11 - 17 December 2015 #786

Shortage Raj

Returning to the Feuding Democratic Republic after a month abroad it seems the only change in the country’s dire situation is one of perception
Foreign Hand


Photo: Gopen Rai

Civil strife in the Tarai and the Indian non-blockade seem permanent by now and what was recently considered an untenable, impossible scenario has somehow morphed into the new normal. Despite the countless vehicles abandoned in petrol queues, traffic is approaching pre-crises levels, hotels, restaurants and homes are cooking with firewood and the most pressing question facing Nepal: ‘why the hell don’t the politicians sort things out?’ isn’t even being asked anymore. 

Nonetheless, as the blockade (non) drags on, many questions remain. How difficult can it be to amend a patchwork constitution that’s been changed countless times already? Isn’t this document supposed to be inclusive and address the concerns of all Nepalis? If so, then why are so many rioting all the time?

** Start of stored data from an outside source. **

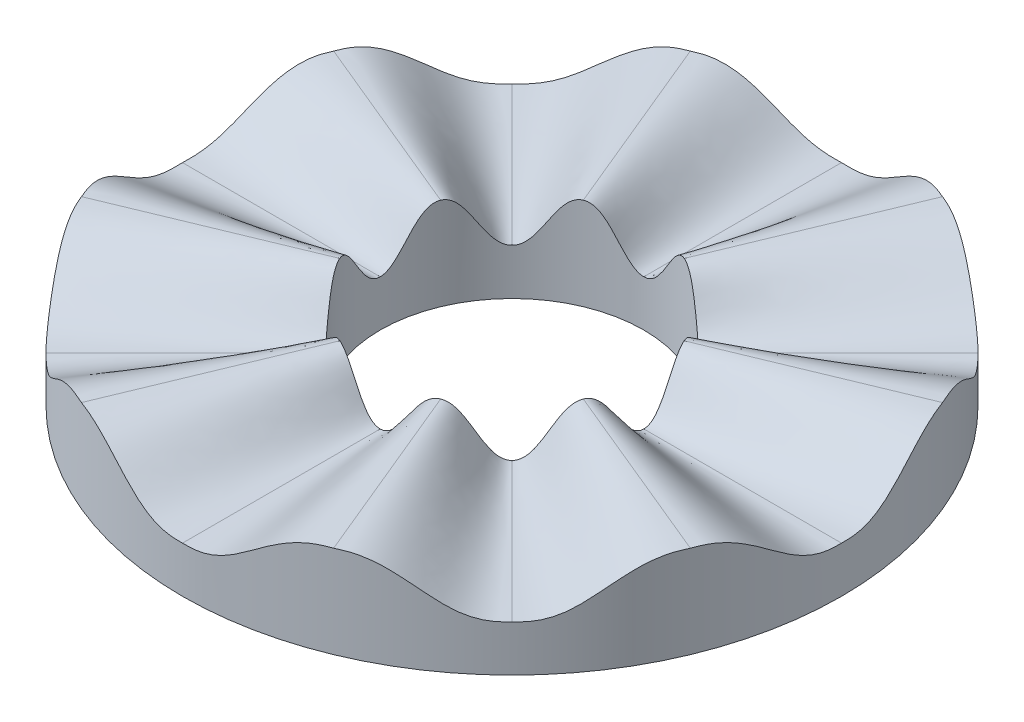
ISO-10303-21;
HEADER;
FILE_DESCRIPTION(('STEP AP214'),'2;1');
FILE_NAME('part.step','',(''),(''),'','','');
FILE_SCHEMA(('AUTOMOTIVE_DESIGN { 1 0 10303 214 1 1 1 1 }'));
ENDSEC;
DATA;
#1=APPLICATION_CONTEXT('core data for automotive mechanical design processes');
#2=APPLICATION_PROTOCOL_DEFINITION('international standard','automotive_design',2000,#1);
#3=PRODUCT_CONTEXT('',#1,'mechanical');
#4=PRODUCT('Part','Part','',(#3));
#5=PRODUCT_RELATED_PRODUCT_CATEGORY('part','',(#4));
#6=PRODUCT_DEFINITION_FORMATION('','',#4);
#7=PRODUCT_DEFINITION_CONTEXT('part definition',#1,'design');
#8=PRODUCT_DEFINITION('design','',#6,#7);
#9=PRODUCT_DEFINITION_SHAPE('','',#8);
#10=(LENGTH_UNIT() NAMED_UNIT(*) SI_UNIT(.MILLI.,.METRE.));
#11=(NAMED_UNIT(*) PLANE_ANGLE_UNIT() SI_UNIT($,.RADIAN.));
#12=(NAMED_UNIT(*) SI_UNIT($,.STERADIAN.) SOLID_ANGLE_UNIT());
#13=UNCERTAINTY_MEASURE_WITH_UNIT(LENGTH_MEASURE(1.E-05),#10,'distance_accuracy_value','');
#14=(GEOMETRIC_REPRESENTATION_CONTEXT(3) GLOBAL_UNCERTAINTY_ASSIGNED_CONTEXT((#13)) GLOBAL_UNIT_ASSIGNED_CONTEXT((#10,
#11,#12)) REPRESENTATION_CONTEXT('',''));
#15=CARTESIAN_POINT('',(0.,0.,0.));
#16=DIRECTION('',(0.,0.,1.));
#17=DIRECTION('',(1.,0.,0.));
#18=AXIS2_PLACEMENT_3D('',#15,#16,#17);
#19=CARTESIAN_POINT('',(-7.65366864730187,7.,-18.4775906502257));
#20=CARTESIAN_POINT('',(-19.1341716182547,7.,-46.1939766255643));
#21=CARTESIAN_POINT('',(-7.54854311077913,7.,-18.5211350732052));
#22=CARTESIAN_POINT('',(-18.9292845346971,7.,-46.2788436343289));
#23=CARTESIAN_POINT('',(-7.33758903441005,6.98157860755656,-18.6063419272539));
#24=CARTESIAN_POINT('',(-18.5184477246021,6.99961671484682,-46.4458208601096));
#25=CARTESIAN_POINT('',(-6.92299582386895,6.8758839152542,-18.7658707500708));
#26=CARTESIAN_POINT('',(-17.6919914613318,7.00291652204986,-46.7689983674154));
#27=CARTESIAN_POINT('',(-6.43745786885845,6.62373134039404,-18.9385783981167));
#28=CARTESIAN_POINT('',(-16.654117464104,6.89084946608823,-47.1510164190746));
#29=CARTESIAN_POINT('',(-5.92250439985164,6.20447186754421,-19.1052270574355));
#30=CARTESIAN_POINT('',(-15.4242310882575,6.58884548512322,-47.5671887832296));
#31=CARTESIAN_POINT('',(-5.46134705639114,5.7183770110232,-19.2416990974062));
#32=CARTESIAN_POINT('',(-14.2256595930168,6.14034113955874,-47.9388733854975));
#33=CARTESIAN_POINT('',(-5.03889516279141,5.1941362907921,-19.3563578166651));
#34=CARTESIAN_POINT('',(-13.0643061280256,5.57780101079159,-48.2679085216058));
#35=CARTESIAN_POINT('',(-4.64199039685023,4.64733084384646,-19.4552000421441));
#36=CARTESIAN_POINT('',(-11.9372995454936,4.93150233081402,-48.5586026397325));
#37=CARTESIAN_POINT('',(-4.26055558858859,4.08784528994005,-19.5421887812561));
#38=CARTESIAN_POINT('',(-10.8361149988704,4.2298227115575,-48.8159354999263));
#39=CARTESIAN_POINT('',(-3.8860133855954,3.52241885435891,-19.6200726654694));
#40=CARTESIAN_POINT('',(-9.74888037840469,3.49742328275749,-49.0445364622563));
#41=CARTESIAN_POINT('',(-3.51063581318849,2.95659039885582,-19.6907243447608));
#42=CARTESIAN_POINT('',(-8.66172933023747,2.75766307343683,-49.2481975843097));
#43=CARTESIAN_POINT('',(-3.12662091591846,2.39587539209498,-19.7554157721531));
#44=CARTESIAN_POINT('',(-7.5549223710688,2.04149631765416,-49.4302877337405));
#45=CARTESIAN_POINT('',(-2.72517001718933,1.84669759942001,-19.8149300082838));
#46=CARTESIAN_POINT('',(-6.4096015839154,1.38219145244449,-49.5921398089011));
#47=CARTESIAN_POINT('',(-2.29570287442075,1.31857038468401,-19.869504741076));
#48=CARTESIAN_POINT('',(-5.21203273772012,0.816162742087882,-49.73269759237));
#49=CARTESIAN_POINT('',(-1.82400925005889,0.826016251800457,-19.9187452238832));
#50=CARTESIAN_POINT('',(-3.95844025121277,0.378105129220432,-49.8485690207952));
#51=CARTESIAN_POINT('',(-1.29254093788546,0.396860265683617,-19.9608728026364));
#52=CARTESIAN_POINT('',(-2.65827953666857,0.0960180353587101,-49.9350996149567));
#53=CARTESIAN_POINT('',(-0.783783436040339,0.132880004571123,-19.9867622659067));
#54=CARTESIAN_POINT('',(-1.55236151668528,-0.00263834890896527,-49.9793523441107));
#55=CARTESIAN_POINT('',(-0.34118857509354,0.0200209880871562,-19.9979850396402));
#56=CARTESIAN_POINT('',(-0.665255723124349,0.000360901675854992,-49.9970466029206));
#57=CARTESIAN_POINT('',(-0.113787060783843,0.,-20.));
#58=CARTESIAN_POINT('',(-0.221768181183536,0.,-50.));
#59=CARTESIAN_POINT('',(0.,0.,-20.));
#60=CARTESIAN_POINT('',(-1.83758917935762E-13,0.,-50.));
#61=B_SPLINE_SURFACE_WITH_KNOTS('',3,1,((#19,#20),(#21,#22),(#23,#24),(#25,#26),(#27,#28),(#29,
#30),(#31,#32),(#33,#34),(#35,#36),(#37,#38),(#39,#40),(#41,#42),(#43,#44),(#45,#46),(#47,#48),
(#49,#50),(#51,#52),(#53,#54),(#55,#56),(#57,#58),(#59,#60)),.UNSPECIFIED.,.F.,.F.,.F.,(4,1,1,1,
1,1,1,1,1,1,1,1,1,1,1,1,1,1,4),(2,2),(0.,0.03125,0.0625,0.125,0.1875,0.25,0.3125,0.375,0.4375,
0.5,0.5625,0.625,0.6875,0.75,0.8125,0.875,0.9375,0.96875,1.),(0.,1.),.UNSPECIFIED.);
#62=CARTESIAN_POINT('',(-7.65366864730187,7.,-18.4775906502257));
#63=CARTESIAN_POINT('',(-7.54854311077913,7.,-18.5211350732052));
#64=CARTESIAN_POINT('',(-7.33758903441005,6.98157860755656,-18.6063419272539));
#65=CARTESIAN_POINT('',(-6.92299582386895,6.8758839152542,-18.7658707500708));
#66=CARTESIAN_POINT('',(-6.43745786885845,6.62373134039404,-18.9385783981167));
#67=CARTESIAN_POINT('',(-5.92250439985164,6.20447186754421,-19.1052270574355));
#68=CARTESIAN_POINT('',(-5.46134705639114,5.7183770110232,-19.2416990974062));
#69=CARTESIAN_POINT('',(-5.03889516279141,5.1941362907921,-19.3563578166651));
#70=CARTESIAN_POINT('',(-4.64199039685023,4.64733084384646,-19.4552000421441));
#71=CARTESIAN_POINT('',(-4.26055558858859,4.08784528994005,-19.5421887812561));
#72=CARTESIAN_POINT('',(-3.8860133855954,3.52241885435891,-19.6200726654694));
#73=CARTESIAN_POINT('',(-3.51063581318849,2.95659039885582,-19.6907243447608));
#74=CARTESIAN_POINT('',(-3.12662091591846,2.39587539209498,-19.7554157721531));
#75=CARTESIAN_POINT('',(-2.72517001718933,1.84669759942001,-19.8149300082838));
#76=CARTESIAN_POINT('',(-2.29570287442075,1.31857038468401,-19.869504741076));
#77=CARTESIAN_POINT('',(-1.82400925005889,0.826016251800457,-19.9187452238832));
#78=CARTESIAN_POINT('',(-1.29254093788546,0.396860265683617,-19.9608728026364));
#79=CARTESIAN_POINT('',(-0.783783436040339,0.132880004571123,-19.9867622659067));
#80=CARTESIAN_POINT('',(-0.34118857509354,0.0200209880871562,-19.9979850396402));
#81=CARTESIAN_POINT('',(-0.113787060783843,0.,-20.));
#82=CARTESIAN_POINT('',(0.,0.,-20.));
#83=B_SPLINE_CURVE_WITH_KNOTS('',3,(#62,#63,#64,#65,#66,#67,#68,#69,#70,#71,#72,#73,#74,#75,#76,
#77,#78,#79,#80,#81,#82),.UNSPECIFIED.,.F.,.F.,(4,1,1,1,1,1,1,1,1,1,1,1,1,1,1,1,1,1,4),(0.,
0.03125,0.0625,0.125,0.1875,0.25,0.3125,0.375,0.4375,0.5,0.5625,0.625,0.6875,0.75,0.8125,0.875,
0.9375,0.96875,1.),.UNSPECIFIED.);
#84=CARTESIAN_POINT('',(-7.65366864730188,7.,-18.4775906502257));
#85=VERTEX_POINT('',#84);
#86=CARTESIAN_POINT('',(0.,0.,-20.));
#87=VERTEX_POINT('',#86);
#88=EDGE_CURVE('E12',#85,#87,#83,.T.);
#89=DIRECTION('',(0.,0.,-1.));
#90=VECTOR('',#89,1.);
#91=CARTESIAN_POINT('',(-1.04083408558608E-13,0.,-35.));
#92=LINE('',#91,#90);
#93=CARTESIAN_POINT('',(-1.38777878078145E-13,0.,-50.));
#94=VERTEX_POINT('',#93);
#95=EDGE_CURVE('E320',#87,#94,#92,.T.);
#96=CARTESIAN_POINT('',(-19.1341716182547,7.,-46.1939766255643));
#97=CARTESIAN_POINT('',(-18.9292845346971,7.,-46.2788436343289));
#98=CARTESIAN_POINT('',(-18.5184477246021,6.99961671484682,-46.4458208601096));
#99=CARTESIAN_POINT('',(-17.6919914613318,7.00291652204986,-46.7689983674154));
#100=CARTESIAN_POINT('',(-16.654117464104,6.89084946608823,-47.1510164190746));
#101=CARTESIAN_POINT('',(-15.4242310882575,6.58884548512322,-47.5671887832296));
#102=CARTESIAN_POINT('',(-14.2256595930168,6.14034113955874,-47.9388733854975));
#103=CARTESIAN_POINT('',(-13.0643061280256,5.57780101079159,-48.2679085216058));
#104=CARTESIAN_POINT('',(-11.9372995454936,4.93150233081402,-48.5586026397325));
#105=CARTESIAN_POINT('',(-10.8361149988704,4.2298227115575,-48.8159354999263));
#106=CARTESIAN_POINT('',(-9.74888037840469,3.49742328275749,-49.0445364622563));
#107=CARTESIAN_POINT('',(-8.66172933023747,2.75766307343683,-49.2481975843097));
#108=CARTESIAN_POINT('',(-7.5549223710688,2.04149631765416,-49.4302877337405));
#109=CARTESIAN_POINT('',(-6.4096015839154,1.38219145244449,-49.5921398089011));
#110=CARTESIAN_POINT('',(-5.21203273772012,0.816162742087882,-49.73269759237));
#111=CARTESIAN_POINT('',(-3.95844025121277,0.378105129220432,-49.8485690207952));
#112=CARTESIAN_POINT('',(-2.65827953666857,0.0960180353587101,-49.9350996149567));
#113=CARTESIAN_POINT('',(-1.55236151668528,-0.00263834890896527,-49.9793523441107));
#114=CARTESIAN_POINT('',(-0.665255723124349,0.000360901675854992,-49.9970466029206));
#115=CARTESIAN_POINT('',(-0.221768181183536,0.,-50.));
#116=CARTESIAN_POINT('',(-1.83758917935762E-13,0.,-50.));
#117=B_SPLINE_CURVE_WITH_KNOTS('',3,(#96,#97,#98,#99,#100,#101,#102,#103,#104,#105,#106,#107,
#108,#109,#110,#111,#112,#113,#114,#115,#116),.UNSPECIFIED.,.F.,.F.,(4,1,1,1,1,1,1,1,1,1,1,1,1,
1,1,1,1,1,4),(0.,0.03125,0.0625,0.125,0.1875,0.25,0.3125,0.375,0.4375,0.5,0.5625,0.625,0.6875,
0.75,0.8125,0.875,0.9375,0.96875,1.),.UNSPECIFIED.);
#118=CARTESIAN_POINT('',(-19.1341716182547,7.,-46.1939766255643));
#119=VERTEX_POINT('',#118);
#120=EDGE_CURVE('E1730',#119,#94,#117,.T.);
#121=DIRECTION('',(-0.382683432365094,0.,-0.923879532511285));
#122=VECTOR('',#121,1.);
#123=CARTESIAN_POINT('',(-13.3939201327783,7.,-32.335783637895));
#124=LINE('',#123,#122);
#125=EDGE_CURVE('E1796',#85,#119,#124,.T.);
#126=ORIENTED_EDGE('',*,*,#88,.T.);
#127=ORIENTED_EDGE('',*,*,#95,.T.);
#128=ORIENTED_EDGE('',*,*,#120,.F.);
#129=ORIENTED_EDGE('',*,*,#125,.F.);
#130=EDGE_LOOP('',(#126,#127,#128,#129));
#131=FACE_BOUND('',#130,.T.);
#132=ADVANCED_FACE('F101',(#131),#61,.T.);
#133=CARTESIAN_POINT('',(0.,-7.,-20.));
#134=DIRECTION('',(0.,-1.,0.));
#135=DIRECTION('',(-0.98078528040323,0.,0.195090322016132));
#136=AXIS2_PLACEMENT_3D('',#133,#134,#135);
#137=PLANE('',#136);
#138=CARTESIAN_POINT('',(0.,-7.,0.));
#139=DIRECTION('',(0.,1.,0.));
#140=DIRECTION('',(-1.,0.,0.));
#141=AXIS2_PLACEMENT_3D('',#138,#139,#140);
#142=CIRCLE('',#141,50.);
#143=CARTESIAN_POINT('',(-1.77635683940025E-13,-7.,-50.));
#144=VERTEX_POINT('',#143);
#145=CARTESIAN_POINT('',(-19.1341716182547,-7.,-46.1939766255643));
#146=VERTEX_POINT('',#145);
#147=EDGE_CURVE('E1745',#144,#146,#142,.T.);
#148=ORIENTED_EDGE('',*,*,#147,.F.);
#149=CARTESIAN_POINT('',(0.,-7.,0.));
#150=DIRECTION('',(0.,-1.,0.));
#151=DIRECTION('',(1.,0.,0.));
#152=AXIS2_PLACEMENT_3D('',#149,#150,#151);
#153=CIRCLE('',#152,50.);
#154=CARTESIAN_POINT('',(19.1341716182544,-7.,-46.1939766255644));
#155=VERTEX_POINT('',#154);
#156=EDGE_CURVE('E119',#144,#155,#153,.T.);
#157=ORIENTED_EDGE('',*,*,#156,.T.);
#158=CARTESIAN_POINT('',(0.,-7.,0.));
#159=DIRECTION('',(0.,1.,0.));
#160=DIRECTION('',(-0.707106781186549,0.,-0.707106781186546));
#161=AXIS2_PLACEMENT_3D('',#158,#159,#160);
#162=CIRCLE('',#161,50.);
#163=CARTESIAN_POINT('',(35.3553390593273,-6.99999999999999,-35.3553390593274));
#164=VERTEX_POINT('',#163);
#165=EDGE_CURVE('E325',#164,#155,#162,.T.);
#166=ORIENTED_EDGE('',*,*,#165,.F.);
#167=CARTESIAN_POINT('',(0.,-7.,0.));
#168=DIRECTION('',(0.,-1.,0.));
#169=DIRECTION('',(0.707106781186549,0.,0.707106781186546));
#170=AXIS2_PLACEMENT_3D('',#167,#168,#169);
#171=CIRCLE('',#170,50.);
#172=CARTESIAN_POINT('',(46.1939766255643,-7.,-19.1341716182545));
#173=VERTEX_POINT('',#172);
#174=EDGE_CURVE('E338',#164,#173,#171,.T.);
#175=ORIENTED_EDGE('',*,*,#174,.T.);
#176=CARTESIAN_POINT('',(0.,-7.,0.));
#177=DIRECTION('',(0.,1.,0.));
#178=DIRECTION('',(0.,0.,-1.));
#179=AXIS2_PLACEMENT_3D('',#176,#177,#178);
#180=CIRCLE('',#179,50.);
#181=CARTESIAN_POINT('',(50.,-6.99999999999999,-6.93889390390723E-13));
#182=VERTEX_POINT('',#181);
#183=EDGE_CURVE('E586',#182,#173,#180,.T.);
#184=ORIENTED_EDGE('',*,*,#183,.F.);
#185=CARTESIAN_POINT('',(0.,-7.,0.));
#186=DIRECTION('',(0.,-1.,0.));
#187=DIRECTION('',(0.,0.,1.));
#188=AXIS2_PLACEMENT_3D('',#185,#186,#187);
#189=CIRCLE('',#188,50.);
#190=CARTESIAN_POINT('',(46.1939766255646,-7.,19.1341716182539));
#191=VERTEX_POINT('',#190);
#192=EDGE_CURVE('E598',#182,#191,#189,.T.);
#193=ORIENTED_EDGE('',*,*,#192,.T.);
#194=CARTESIAN_POINT('',(0.,-7.,0.));
#195=DIRECTION('',(0.,1.,0.));
#196=DIRECTION('',(0.707106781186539,0.,-0.707106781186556));
#197=AXIS2_PLACEMENT_3D('',#194,#195,#196);
#198=CIRCLE('',#197,50.);
#199=CARTESIAN_POINT('',(35.3553390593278,-7.,35.3553390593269));
#200=VERTEX_POINT('',#199);
#201=EDGE_CURVE('E609',#200,#191,#198,.T.);
#202=ORIENTED_EDGE('',*,*,#201,.F.);
#203=CARTESIAN_POINT('',(0.,-7.,0.));
#204=DIRECTION('',(0.,-1.,0.));
#205=DIRECTION('',(-0.707106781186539,0.,0.707106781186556));
#206=AXIS2_PLACEMENT_3D('',#203,#204,#205);
#207=CIRCLE('',#206,50.);
#208=CARTESIAN_POINT('',(19.134171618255,-7.,46.1939766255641));
#209=VERTEX_POINT('',#208);
#210=EDGE_CURVE('E620',#200,#209,#207,.T.);
#211=ORIENTED_EDGE('',*,*,#210,.T.);
#212=CARTESIAN_POINT('',(0.,-7.,0.));
#213=DIRECTION('',(0.,1.,0.));
#214=DIRECTION('',(1.,0.,0.));
#215=AXIS2_PLACEMENT_3D('',#212,#213,#214);
#216=CIRCLE('',#215,50.);
#217=CARTESIAN_POINT('',(5.26783817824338E-13,-7.,50.));
#218=VERTEX_POINT('',#217);
#219=EDGE_CURVE('E631',#218,#209,#216,.T.);
#220=ORIENTED_EDGE('',*,*,#219,.F.);
#221=CARTESIAN_POINT('',(0.,-7.,0.));
#222=DIRECTION('',(0.,-1.,0.));
#223=DIRECTION('',(-1.,0.,0.));
#224=AXIS2_PLACEMENT_3D('',#221,#222,#223);
#225=CIRCLE('',#224,50.);
#226=CARTESIAN_POINT('',(-19.1341716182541,-7.,46.1939766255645));
#227=VERTEX_POINT('',#226);
#228=EDGE_CURVE('E642',#218,#227,#225,.T.);
#229=ORIENTED_EDGE('',*,*,#228,.T.);
#230=CARTESIAN_POINT('',(0.,-7.,0.));
#231=DIRECTION('',(0.,1.,0.));
#232=DIRECTION('',(0.707106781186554,0.,0.707106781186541));
#233=AXIS2_PLACEMENT_3D('',#230,#231,#232);
#234=CIRCLE('',#233,50.);
#235=CARTESIAN_POINT('',(-35.3553390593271,-7.,35.3553390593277));
#236=VERTEX_POINT('',#235);
#237=EDGE_CURVE('E653',#236,#227,#234,.T.);
#238=ORIENTED_EDGE('',*,*,#237,.F.);
#239=CARTESIAN_POINT('',(0.,-7.,0.));
#240=DIRECTION('',(0.,-1.,0.));
#241=DIRECTION('',(-0.707106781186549,0.,-0.707106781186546));
#242=AXIS2_PLACEMENT_3D('',#239,#240,#241);
#243=CIRCLE('',#242,50.);
#244=CARTESIAN_POINT('',(-46.1939766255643,-7.,19.1341716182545));
#245=VERTEX_POINT('',#244);
#246=EDGE_CURVE('E664',#236,#245,#243,.T.);
#247=ORIENTED_EDGE('',*,*,#246,.T.);
#248=CARTESIAN_POINT('',(0.,-7.,0.));
#249=DIRECTION('',(0.,1.,0.));
#250=DIRECTION('',(0.,0.,1.));
#251=AXIS2_PLACEMENT_3D('',#248,#249,#250);
#252=CIRCLE('',#251,50.);
#253=CARTESIAN_POINT('',(-50.,-7.,0.));
#254=VERTEX_POINT('',#253);
#255=EDGE_CURVE('E675',#254,#245,#252,.T.);
#256=ORIENTED_EDGE('',*,*,#255,.F.);
#257=CARTESIAN_POINT('',(0.,-7.,0.));
#258=DIRECTION('',(0.,-1.,0.));
#259=DIRECTION('',(0.,0.,-1.));
#260=AXIS2_PLACEMENT_3D('',#257,#258,#259);
#261=CIRCLE('',#260,50.);
#262=CARTESIAN_POINT('',(-46.1939766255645,-7.,-19.1341716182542));
#263=VERTEX_POINT('',#262);
#264=EDGE_CURVE('E686',#254,#263,#261,.T.);
#265=ORIENTED_EDGE('',*,*,#264,.T.);
#266=CARTESIAN_POINT('',(0.,-7.,0.));
#267=DIRECTION('',(0.,1.,0.));
#268=DIRECTION('',(-0.707106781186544,0.,0.707106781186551));
#269=AXIS2_PLACEMENT_3D('',#266,#267,#268);
#270=CIRCLE('',#269,50.);
#271=CARTESIAN_POINT('',(-35.3553390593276,-7.,-35.3553390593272));
#272=VERTEX_POINT('',#271);
#273=EDGE_CURVE('E695',#272,#263,#270,.T.);
#274=ORIENTED_EDGE('',*,*,#273,.F.);
#275=CARTESIAN_POINT('',(0.,-7.,0.));
#276=DIRECTION('',(0.,-1.,0.));
#277=DIRECTION('',(0.707106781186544,0.,-0.707106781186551));
#278=AXIS2_PLACEMENT_3D('',#275,#276,#277);
#279=CIRCLE('',#278,50.);
#280=EDGE_CURVE('E696',#272,#146,#279,.T.);
#281=ORIENTED_EDGE('',*,*,#280,.T.);
#282=EDGE_LOOP('',(#148,#157,#166,#175,#184,#193,#202,#211,#220,#229,#238,#247,#256,#265,#274,#281));
#283=FACE_BOUND('',#282,.T.);
#284=CARTESIAN_POINT('',(0.,-7.,0.));
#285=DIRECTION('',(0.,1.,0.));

Perhaps the answers can only be found by asking another question: Who’s benefitting from this mess? The oil-bearing trucks that cross the border somehow go astray and never make it to the pumps while black-market petrol is freely available at 3-4 times the legal rate. Cooking gas has disappeared but covert home delivery can be arranged for those who can afford the wildly inflated prices. 

The English word ‘shortage’ entered the Nepali lexicon decades ago, a 2-syllable explanation of a market phenomenon so unfathomable it’s rarely questioned. Merely mentioning ‘shortage’ justifies price hikes and it didn’t take long for those in power to grasp the lucrative potential of such scarcity, real or created. Perhaps that explains why our leaders continue to posture and demonise India while doing nothing to get cross border trade going again. Being opportunist by nature, they recognise the opportunity of a lifetime when they see it and with so much black money circulating there’s plenty to keep everyone collaborating in what may be the biggest racket in Nepal’s history.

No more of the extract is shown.